Who developed the world's first microprocessor?
A microprocessor is generally defined to be a single-chip central processing unit (CPU). To earn the name, a microprocessor does not have to include the program memory (e.g. ROM) data memory (RAM), or peripheral interfaces (e.g. serial ports), but many modern microprocessors include all of these.
The Intel 4004 is widely considered to be the world's first microprocessor. Wary of spurious lawsuits, Intel makes no such bold claims, but there is no doubt that the 4004 was the first customer-programmable microprocessor to reach the commercial market. You simply could not buy anything like it before its introduction on November 15, 1971.
To be fair, during the 1970-1971 period of Intel's 4004 development, Texas Instruments (TI) was also working on 4-bit CPU-on-a-chip technology for use in their line of calculator products. Regardless of who might have achieved "first silicon," there was a key difference between Intel's and TI's efforts. Although TI was developing a chip that contained all the elements of a microprocessor, it was designed to perform only one purpose, to be the "brain" of a calculator. Intel was also developing the 4004 for calculator applications, but their CPU-on-a-chip architecture could be programmed to control a wide variety of electronic devices from traffic signals to test equipment, according to the instructions stored in the external ROM. After the 4004's debut, Intel actively developed the nascent microprocessor market with their line of design tools like the Intellec 4, whereas TI focused on the "calculator on a chip" market for five years before finally releasing their TMS1000 family of 4-bit "microcontrollers" in 1976, which integrated the CPU, program ROM, data RAM, and I/O logic into a single chip. By then Intel had already introduced their famous 8-bit 8080, but there was plenty of market opportunities for TI's far less expensive, 4-bit "computer on a chip." Not long after, Intel introduced their own microcontroller family, the most famous being the 8-bit 8051, one of the most "cloned" microcontroller of all time and still in active use today.
Like the surprise witness at the end of so many television courtroom dramas like Perry Mason and Law and Order, in 1998 the U.S. Navy declassified details of the F-14 "Tomcat" jet fighter avionics.
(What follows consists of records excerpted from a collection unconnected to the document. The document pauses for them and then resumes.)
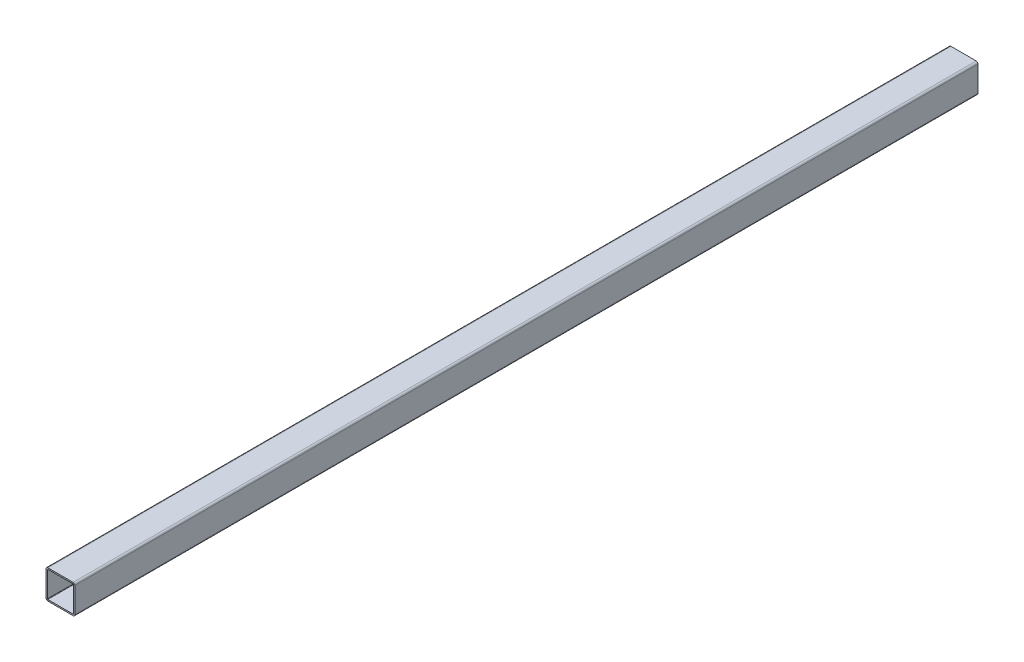
ISO-10303-21;
HEADER;
FILE_DESCRIPTION(('STEP AP214'),'2;1');
FILE_NAME('part.step','',(''),(''),'','','');
FILE_SCHEMA(('AUTOMOTIVE_DESIGN { 1 0 10303 214 1 1 1 1 }'));
ENDSEC;
DATA;
#1=APPLICATION_CONTEXT('core data for automotive mechanical design processes');
#2=APPLICATION_PROTOCOL_DEFINITION('international standard','automotive_design',2000,#1);
#3=PRODUCT_CONTEXT('',#1,'mechanical');
#4=PRODUCT('Part','Part','',(#3));
#5=PRODUCT_RELATED_PRODUCT_CATEGORY('part','',(#4));
#6=PRODUCT_DEFINITION_FORMATION('','',#4);
#7=PRODUCT_DEFINITION_CONTEXT('part definition',#1,'design');
#8=PRODUCT_DEFINITION('design','',#6,#7);
#9=PRODUCT_DEFINITION_SHAPE('','',#8);
#10=(LENGTH_UNIT() NAMED_UNIT(*) SI_UNIT(.MILLI.,.METRE.));
#11=(NAMED_UNIT(*) PLANE_ANGLE_UNIT() SI_UNIT($,.RADIAN.));
#12=(NAMED_UNIT(*) SI_UNIT($,.STERADIAN.) SOLID_ANGLE_UNIT());
#13=UNCERTAINTY_MEASURE_WITH_UNIT(LENGTH_MEASURE(1.E-05),#10,'distance_accuracy_value','');
#14=(GEOMETRIC_REPRESENTATION_CONTEXT(3) GLOBAL_UNCERTAINTY_ASSIGNED_CONTEXT((#13)) GLOBAL_UNIT_ASSIGNED_CONTEXT((#10,
#11,#12)) REPRESENTATION_CONTEXT('',''));
#15=CARTESIAN_POINT('',(0.,0.,0.));
#16=DIRECTION('',(0.,0.,1.));
#17=DIRECTION('',(1.,0.,0.));
#18=AXIS2_PLACEMENT_3D('',#15,#16,#17);
#19=CARTESIAN_POINT('',(14.,-14.,-500.));
#20=DIRECTION('',(0.,0.,1.));
#21=DIRECTION('',(1.,0.,0.));
#22=AXIS2_PLACEMENT_3D('',#19,#20,#21);
#23=CYLINDRICAL_SURFACE('',#22,2.);
#24=DIRECTION('',(0.,0.,1.));
#25=VECTOR('',#24,1.);
#26=CARTESIAN_POINT('',(16.,-14.,-500.));
#27=LINE('',#26,#25);
#28=CARTESIAN_POINT('',(16.,-14.,-500.));
#29=VERTEX_POINT('',#28);
#30=CARTESIAN_POINT('',(16.,-14.,500.));
#31=VERTEX_POINT('',#30);
#32=EDGE_CURVE('E39',#29,#31,#27,.T.);
#33=ORIENTED_EDGE('',*,*,#32,.T.);
#34=CARTESIAN_POINT('',(14.,-14.,500.));
#35=DIRECTION('',(0.,0.,1.));
#36=DIRECTION('',(1.,0.,0.));
#37=AXIS2_PLACEMENT_3D('',#34,#35,#36);
#38=CIRCLE('',#37,2.);
#39=CARTESIAN_POINT('',(14.,-16.,500.));
#40=VERTEX_POINT('',#39);
#41=EDGE_CURVE('E192',#40,#31,#38,.T.);
#42=ORIENTED_EDGE('',*,*,#41,.F.);
#43=DIRECTION('',(0.,0.,1.));
#44=VECTOR('',#43,1.);
#45=CARTESIAN_POINT('',(14.,-16.,-500.));
#46=LINE('',#45,#44);
#47=CARTESIAN_POINT('',(14.,-16.,-500.));
#48=VERTEX_POINT('',#47);
#49=EDGE_CURVE('E11',#48,#40,#46,.T.);
#50=ORIENTED_EDGE('',*,*,#49,.F.);
#51=CARTESIAN_POINT('',(14.,-14.,-500.));
#52=DIRECTION('',(0.,0.,1.));
#53=DIRECTION('',(1.,0.,0.));
#54=AXIS2_PLACEMENT_3D('',#51,#52,#53);
#55=CIRCLE('',#54,2.);
#56=EDGE_CURVE('E235',#48,#29,#55,.T.);
#57=ORIENTED_EDGE('',*,*,#56,.T.);
#58=EDGE_LOOP('',(#33,#42,#50,#57));
#59=FACE_BOUND('',#58,.T.);
#60=ADVANCED_FACE('F36',(#59),#23,.T.);
#61=CARTESIAN_POINT('',(-14.,-16.,-500.));
#62=DIRECTION('',(0.,-1.,0.));
#63=DIRECTION('',(0.,0.,-1.));
#64=AXIS2_PLACEMENT_3D('',#61,#62,#63);
#65=PLANE('',#64);
#66=ORIENTED_EDGE('',*,*,#49,.T.);
#67=DIRECTION('',(1.,0.,0.));
#68=VECTOR('',#67,1.);
#69=CARTESIAN_POINT('',(-14.,-16.,500.));
#70=LINE('',#69,#68);
#71=CARTESIAN_POINT('',(-14.,-16.,500.));
#72=VERTEX_POINT('',#71);
#73=EDGE_CURVE('E213',#72,#40,#70,.T.);
#74=ORIENTED_EDGE('',*,*,#73,.F.);
#75=DIRECTION('',(0.,0.,1.));
#76=VECTOR('',#75,1.);
#77=CARTESIAN_POINT('',(-14.,-16.,-500.));
#78=LINE('',#77,#76);
#79=CARTESIAN_POINT('',(-14.,-16.,-500.));
#80=VERTEX_POINT('',#79);
#81=EDGE_CURVE('E44',#80,#72,#78,.T.);
#82=ORIENTED_EDGE('',*,*,#81,.F.);
#83=DIRECTION('',(1.,0.,0.));
#84=VECTOR('',#83,1.);
#85=CARTESIAN_POINT('',(-14.,-16.,-500.));
#86=LINE('',#85,#84);
#87=EDGE_CURVE('E266',#80,#48,#86,.T.);
#88=ORIENTED_EDGE('',*,*,#87,.T.);
#89=EDGE_LOOP('',(#66,#74,#82,#88));
#90=FACE_BOUND('',#89,.T.);
#91=ADVANCED_FACE('F287',(#90),#65,.T.);
#92=CARTESIAN_POINT('',(-14.,-14.,-500.));
#93=DIRECTION('',(0.,0.,1.));
#94=DIRECTION('',(1.,0.,0.));
#95=AXIS2_PLACEMENT_3D('',#92,#93,#94);
#96=CYLINDRICAL_SURFACE('',#95,2.);
#97=ORIENTED_EDGE('',*,*,#81,.T.);
#98=CARTESIAN_POINT('',(-14.,-14.,500.));
#99=DIRECTION('',(0.,0.,1.));
#100=DIRECTION('',(1.,0.,0.));
#101=AXIS2_PLACEMENT_3D('',#98,#99,#100);
#102=CIRCLE('',#101,2.);
#103=CARTESIAN_POINT('',(-16.,-14.,500.));
#104=VERTEX_POINT('',#103);
#105=EDGE_CURVE('E210',#104,#72,#102,.T.);
#106=ORIENTED_EDGE('',*,*,#105,.F.);
#107=DIRECTION('',(0.,0.,1.));
#108=VECTOR('',#107,1.);
#109=CARTESIAN_POINT('',(-16.,-14.,-500.));
#110=LINE('',#109,#108);
#111=CARTESIAN_POINT('',(-16.,-14.,-500.));
#112=VERTEX_POINT('',#111);
#113=EDGE_CURVE('E270',#112,#104,#110,.T.);
#114=ORIENTED_EDGE('',*,*,#113,.F.);
#115=CARTESIAN_POINT('',(-14.,-14.,-500.));
#116=DIRECTION('',(0.,0.,1.));
#117=DIRECTION('',(1.,0.,0.));
#118=AXIS2_PLACEMENT_3D('',#115,#116,#117);
#119=CIRCLE('',#118,2.);
#120=EDGE_CURVE('E263',#112,#80,#119,.T.);
#121=ORIENTED_EDGE('',*,*,#120,.T.);
#122=EDGE_LOOP('',(#97,#106,#114,#121));
#123=FACE_BOUND('',#122,.T.);
#124=ADVANCED_FACE('F308',(#123),#96,.T.);
#125=CARTESIAN_POINT('',(-16.,-14.,-500.));
#126=DIRECTION('',(-1.,0.,0.));
#127=DIRECTION('',(0.,0.,1.));
#128=AXIS2_PLACEMENT_3D('',#125,#126,#127);
#129=PLANE('',#128);
#130=ORIENTED_EDGE('',*,*,#113,.T.);
#131=DIRECTION('',(0.,-1.,0.));
#132=VECTOR('',#131,1.);
#133=CARTESIAN_POINT('',(-16.,-14.,500.));
#134=LINE('',#133,#132);
#135=CARTESIAN_POINT('',(-16.,14.,500.));
#136=VERTEX_POINT('',#135);
#137=EDGE_CURVE('E207',#136,#104,#134,.T.);
#138=ORIENTED_EDGE('',*,*,#137,.F.);
#139=DIRECTION('',(0.,0.,1.));
#140=VECTOR('',#139,1.);
#141=CARTESIAN_POINT('',(-16.,14.,-500.));
#142=LINE('',#141,#140);
#143=CARTESIAN_POINT('',(-16.,14.,-500.));
#144=VERTEX_POINT('',#143);
#145=EDGE_CURVE('E272',#144,#136,#142,.T.);
#146=ORIENTED_EDGE('',*,*,#145,.F.);
#147=DIRECTION('',(0.,-1.,0.));
#148=VECTOR('',#147,1.);
#149=CARTESIAN_POINT('',(-16.,-14.,-500.));
#150=LINE('',#149,#148);
#151=EDGE_CURVE('E260',#144,#112,#150,.T.);
#152=ORIENTED_EDGE('',*,*,#151,.T.);
#153=EDGE_LOOP('',(#130,#138,#146,#152));
#154=FACE_BOUND('',#153,.T.);
#155=ADVANCED_FACE('F305',(#154),#129,.T.);
#156=CARTESIAN_POINT('',(-14.,14.,-500.));
#157=DIRECTION('',(0.,0.,1.));
#158=DIRECTION('',(1.,0.,0.));
#159=AXIS2_PLACEMENT_3D('',#156,#157,#158);
#160=CYLINDRICAL_SURFACE('',#159,2.);
#161=ORIENTED_EDGE('',*,*,#145,.T.);
#162=CARTESIAN_POINT('',(-14.,14.,500.));
#163=DIRECTION('',(0.,0.,1.));
#164=DIRECTION('',(-1.,0.,0.));
#165=AXIS2_PLACEMENT_3D('',#162,#163,#164);
#166=CIRCLE('',#165,2.);
#167=CARTESIAN_POINT('',(-14.,16.,500.));
#168=VERTEX_POINT('',#167);
#169=EDGE_CURVE('E204',#168,#136,#166,.T.);
#170=ORIENTED_EDGE('',*,*,#169,.F.);
#171=DIRECTION('',(0.,0.,1.));
#172=VECTOR('',#171,1.);
#173=CARTESIAN_POINT('',(-14.,16.,-500.));
#174=LINE('',#173,#172);
#175=CARTESIAN_POINT('',(-14.,16.,-500.));
#176=VERTEX_POINT('',#175);
#177=EDGE_CURVE('E274',#176,#168,#174,.T.);
#178=ORIENTED_EDGE('',*,*,#177,.F.);
#179=CARTESIAN_POINT('',(-14.,14.,-500.));
#180=DIRECTION('',(0.,0.,1.));
#181=DIRECTION('',(-1.,0.,0.));
#182=AXIS2_PLACEMENT_3D('',#179,#180,#181);
#183=CIRCLE('',#182,2.);
#184=EDGE_CURVE('E257',#176,#144,#183,.T.);
#185=ORIENTED_EDGE('',*,*,#184,.T.);
#186=EDGE_LOOP('',(#161,#170,#178,#185));
#187=FACE_BOUND('',#186,.T.);
#188=ADVANCED_FACE('F303',(#187),#160,.T.);
#189=CARTESIAN_POINT('',(-14.,16.,-500.));
#190=DIRECTION('',(0.,1.,0.));
#191=DIRECTION('',(0.,0.,1.));
#192=AXIS2_PLACEMENT_3D('',#189,#190,#191);
#193=PLANE('',#192);
#194=ORIENTED_EDGE('',*,*,#177,.T.);
#195=DIRECTION('',(-1.,0.,0.));
#196=VECTOR('',#195,1.);
#197=CARTESIAN_POINT('',(-14.,16.,500.));
#198=LINE('',#197,#196);
#199=CARTESIAN_POINT('',(14.,16.,500.));
#200=VERTEX_POINT('',#199);
#201=EDGE_CURVE('E201',#200,#168,#198,.T.);
#202=ORIENTED_EDGE('',*,*,#201,.F.);
#203=DIRECTION('',(0.,0.,1.));
#204=VECTOR('',#203,1.);
#205=CARTESIAN_POINT('',(14.,16.,-500.));
#206=LINE('',#205,#204);
#207=CARTESIAN_POINT('',(14.,16.,-500.));
#208=VERTEX_POINT('',#207);
#209=EDGE_CURVE('E276',#208,#200,#206,.T.);
#210=ORIENTED_EDGE('',*,*,#209,.F.);
#211=DIRECTION('',(-1.,0.,0.));
#212=VECTOR('',#211,1.);
#213=CARTESIAN_POINT('',(-14.,16.,-500.));
#214=LINE('',#213,#212);
#215=EDGE_CURVE('E254',#208,#176,#214,.T.);
#216=ORIENTED_EDGE('',*,*,#215,.T.);
#217=EDGE_LOOP('',(#194,#202,#210,#216));
#218=FACE_BOUND('',#217,.T.);
#219=ADVANCED_FACE('F301',(#218),#193,.T.);
#220=CARTESIAN_POINT('',(14.,14.,-500.));
#221=DIRECTION('',(0.,0.,1.));
#222=DIRECTION('',(1.,0.,0.));
#223=AXIS2_PLACEMENT_3D('',#220,#221,#222);
#224=CYLINDRICAL_SURFACE('',#223,2.);
#225=ORIENTED_EDGE('',*,*,#209,.T.);
#226=CARTESIAN_POINT('',(14.,14.,500.));
#227=DIRECTION('',(0.,0.,1.));
#228=DIRECTION('',(1.,0.,0.));
#229=AXIS2_PLACEMENT_3D('',#226,#227,#228);
#230=CIRCLE('',#229,2.);
#231=CARTESIAN_POINT('',(16.,14.,500.));
#232=VERTEX_POINT('',#231);
#233=EDGE_CURVE('E198',#232,#200,#230,.T.);
#234=ORIENTED_EDGE('',*,*,#233,.F.);
#235=DIRECTION('',(0.,0.,1.));
#236=VECTOR('',#235,1.);
#237=CARTESIAN_POINT('',(16.,14.,-500.));
#238=LINE('',#237,#236);
#239=CARTESIAN_POINT('',(16.,14.,-500.));
#240=VERTEX_POINT('',#239);
#241=EDGE_CURVE('E277',#240,#232,#238,.T.);
#242=ORIENTED_EDGE('',*,*,#241,.F.);
#243=CARTESIAN_POINT('',(14.,14.,-500.));
#244=DIRECTION('',(0.,0.,1.));
#245=DIRECTION('',(1.,0.,0.));
#246=AXIS2_PLACEMENT_3D('',#243,#244,#245);
#247=CIRCLE('',#246,2.);
#248=EDGE_CURVE('E251',#240,#208,#247,.T.);
#249=ORIENTED_EDGE('',*,*,#248,.T.);
#250=EDGE_LOOP('',(#225,#234,#242,#249));
#251=FACE_BOUND('',#250,.T.);
#252=ADVANCED_FACE('F297',(#251),#224,.T.);
#253=CARTESIAN_POINT('',(16.,-14.,-500.));
#254=DIRECTION('',(1.,0.,0.));
#255=DIRECTION('',(0.,0.,-1.));
#256=AXIS2_PLACEMENT_3D('',#253,#254,#255);
#257=PLANE('',#256);
#258=ORIENTED_EDGE('',*,*,#241,.T.);
#259=DIRECTION('',(0.,1.,0.));
#260=VECTOR('',#259,1.);
#261=CARTESIAN_POINT('',(16.,-14.,500.));
#262=LINE('',#261,#260);
#263=EDGE_CURVE('E195',#31,#232,#262,.T.);
#264=ORIENTED_EDGE('',*,*,#263,.F.);
#265=ORIENTED_EDGE('',*,*,#32,.F.);
#266=DIRECTION('',(0.,1.,0.));
#267=VECTOR('',#266,1.);
#268=CARTESIAN_POINT('',(16.,-14.,-500.));
#269=LINE('',#268,#267);
#270=EDGE_CURVE('E248',#29,#240,#269,.T.);
#271=ORIENTED_EDGE('',*,*,#270,.T.);
#272=EDGE_LOOP('',(#258,#264,#265,#271));
#273=FACE_BOUND('',#272,.T.);
#274=ADVANCED_FACE('F281',(#273),#257,.T.);
#275=CARTESIAN_POINT('',(14.,-14.,-500.));
#276=DIRECTION('',(0.,0.,1.));
#277=DIRECTION('',(1.,0.,0.));
#278=AXIS2_PLACEMENT_3D('',#275,#276,#277);
#279=PLANE('',#278);
#280=DIRECTION('',(-1.,0.,0.));
#281=VECTOR('',#280,1.);
#282=CARTESIAN_POINT('',(-14.,14.48,-500.));
#283=LINE('',#282,#281);
#284=CARTESIAN_POINT('',(14.,14.48,-500.));
#285=VERTEX_POINT('',#284);
#286=CARTESIAN_POINT('',(-14.,14.48,-500.));
#287=VERTEX_POINT('',#286);
#288=EDGE_CURVE('E161',#285,#287,#283,.T.);
#289=ORIENTED_EDGE('',*,*,#288,.T.);
#290=CARTESIAN_POINT('',(-14.,14.,-500.));
#291=DIRECTION('',(0.,0.,1.));
#292=DIRECTION('',(-1.,0.,0.));
#293=AXIS2_PLACEMENT_3D('',#290,#291,#292);
#294=CIRCLE('',#293,0.48);
#295=CARTESIAN_POINT('',(-14.48,14.,-500.));
#296=VERTEX_POINT('',#295);
#297=EDGE_CURVE('E216',#287,#296,#294,.T.);
#298=ORIENTED_EDGE('',*,*,#297,.T.);
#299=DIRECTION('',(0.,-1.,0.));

Developed by Garrett AiResearch in the late-1960s and secretly deployed one year before the 4004's commercial debut, the Central Air Data Computer (CADC) is responsible for directing the F-14's flight control surfaces and displaying pilot information. With its pipelined, 20-bit datapath, the CADC is significantly more advanced than the 4004 in many ways, and arguably the world's first digital signal processor (DSP) chip set. Interestingly, the CADC has no flow-of-control instructions (jump, conditional branch, subroutine call, etc.). Its program continually loops, and the processor's architecture uses "data steering" to effect decisions. This approach has the advantage that the datapath's pipeline always stays full. In terms of computational power integrated onto silicon, the CADC was truly years ahead of its commercial rivals.